State Government in Mexico Criminalizing Women who Seek Abortions

By Brenda Lopez Romero
Impunity Watch Reporter – North America desk

TLAXCALA, Mexico – The governor, Héctor Israel Ortiz Ortiz, was urged by over 40 organizations to project a women’s right to choose in the state Congress by vetoing legislation that promotes the right to life primarily because it also seeks to penalize abortions.

The groups said in a letter to state governments that the government should be for the people and not the Vatican.  They emphasized a need for a secular government because a religious moral code should not be forced onto people nor turned into civil law.  Elsa Conde, a former legislator, said that a belief in sin could not become a crime.
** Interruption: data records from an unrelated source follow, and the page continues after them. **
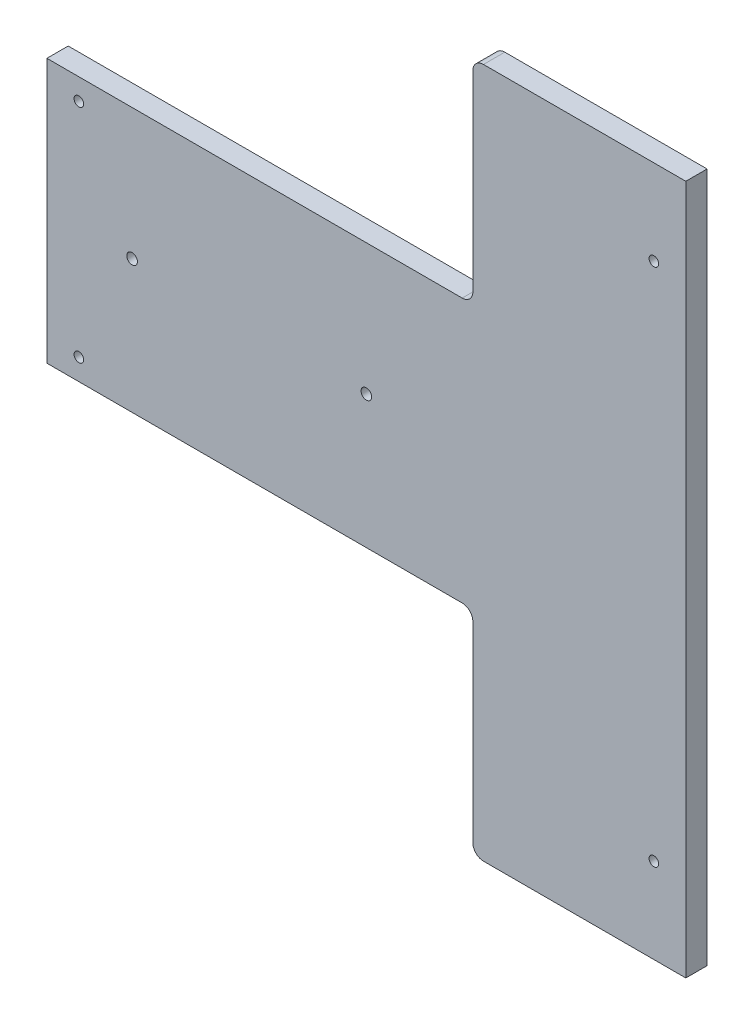
from build123d import *

# Parameters (mm, degrees)
BOSS_EXTRU_1_DEPTH      = 10
ESQUISSE2_R             = 2.25
ENL_V_MAT_EXTRU_1_DEPTH = 10
ESQUISSE3_R             = 2.5
ENL_V_MAT_EXTRU_2_DEPTH = 10
CONG_1_R                = 5


with BuildPart() as part:
    # Esquisse1 → Boss.-Extru.1 (new body)
    with BuildSketch(Plane.XY):
        Polygon((77.555428531, 41.935483871), (-122.444571469, 41.935483871), (-122.444571469, -82.064516129), (77.555428531, -82.064516129), (77.555428531, -182.064516129), (177.555428531, -182.064516129), (177.555428531, 141.935483871), (77.555428531, 141.935483871), align=None)
    extrude(amount=BOSS_EXTRU_1_DEPTH)

    # Esquisse2 → Enlèv. mat.-Extru.1 (cut)
    with BuildSketch(Plane(origin=(0, 0, 0), x_dir=(-1, 0, 0), z_dir=(0, 0, -1))):
        with Locations((-162.555428531, -142.064516129)):
            Circle(ESQUISSE2_R)
        with Locations((-162.555428531, 101.935483871)):
            Circle(ESQUISSE2_R)
        with Locations((107.444571469, 31.935483871)):
            Circle(ESQUISSE2_R)
        with Locations((107.444571469, -72.064516129)):
            Circle(ESQUISSE2_R)
    extrude(amount=-ENL_V_MAT_EXTRU_1_DEPTH, mode=Mode.SUBTRACT)

    # Esquisse3 → Enlèv. mat.-Extru.2 (cut)
    with BuildSketch(Plane(origin=(0, 0, 0), x_dir=(-1, 0, 0), z_dir=(0, 0, -1))):
        with Locations((-27.555428531, -19.564516129)):
            Circle(ESQUISSE3_R)
        with Locations((82.444571469, -19.564516129)):
            Circle(ESQUISSE3_R)
    extrude(amount=-ENL_V_MAT_EXTRU_2_DEPTH, mode=Mode.SUBTRACT)

    # Congé1
    cong_1_edges = [part.edges().sort_by_distance(p)[0] for p in [
        (77.555428531, 141.935483871, 5),
        (77.555428531, 41.935483871, 5),
        (77.555428531, -82.064516129, 5),
        (77.555428531, -182.064516129, 5),
    ]]
    fillet(cong_1_edges, radius=CONG_1_R)


solid = part.part

Beatriz Paredes Rangel, president of the national party, Institutional Revolutionary Party, was asked to urge her party to vote against all bills that leaves women with no other recourse than to seek unsafe clandestine abortions.

My body is mine mine mine and no one elses
Courtesy of La Jornada - "My body is mine mine mine and no one elses"

There was also a protest organized by the group Women for the Right to Choose in the Federal District.  They denounce that 18 state legislators are changing state constitution without considering the indignation of women.

Conde said in regards to similar legislation “all these are beginning to criminalize women restricting their right to choose over their life, body, and parenthood.  This reform signifies a grave setback for the rights of women and makes vulnerable the secular government by casting doubt on scientific research and advancement.”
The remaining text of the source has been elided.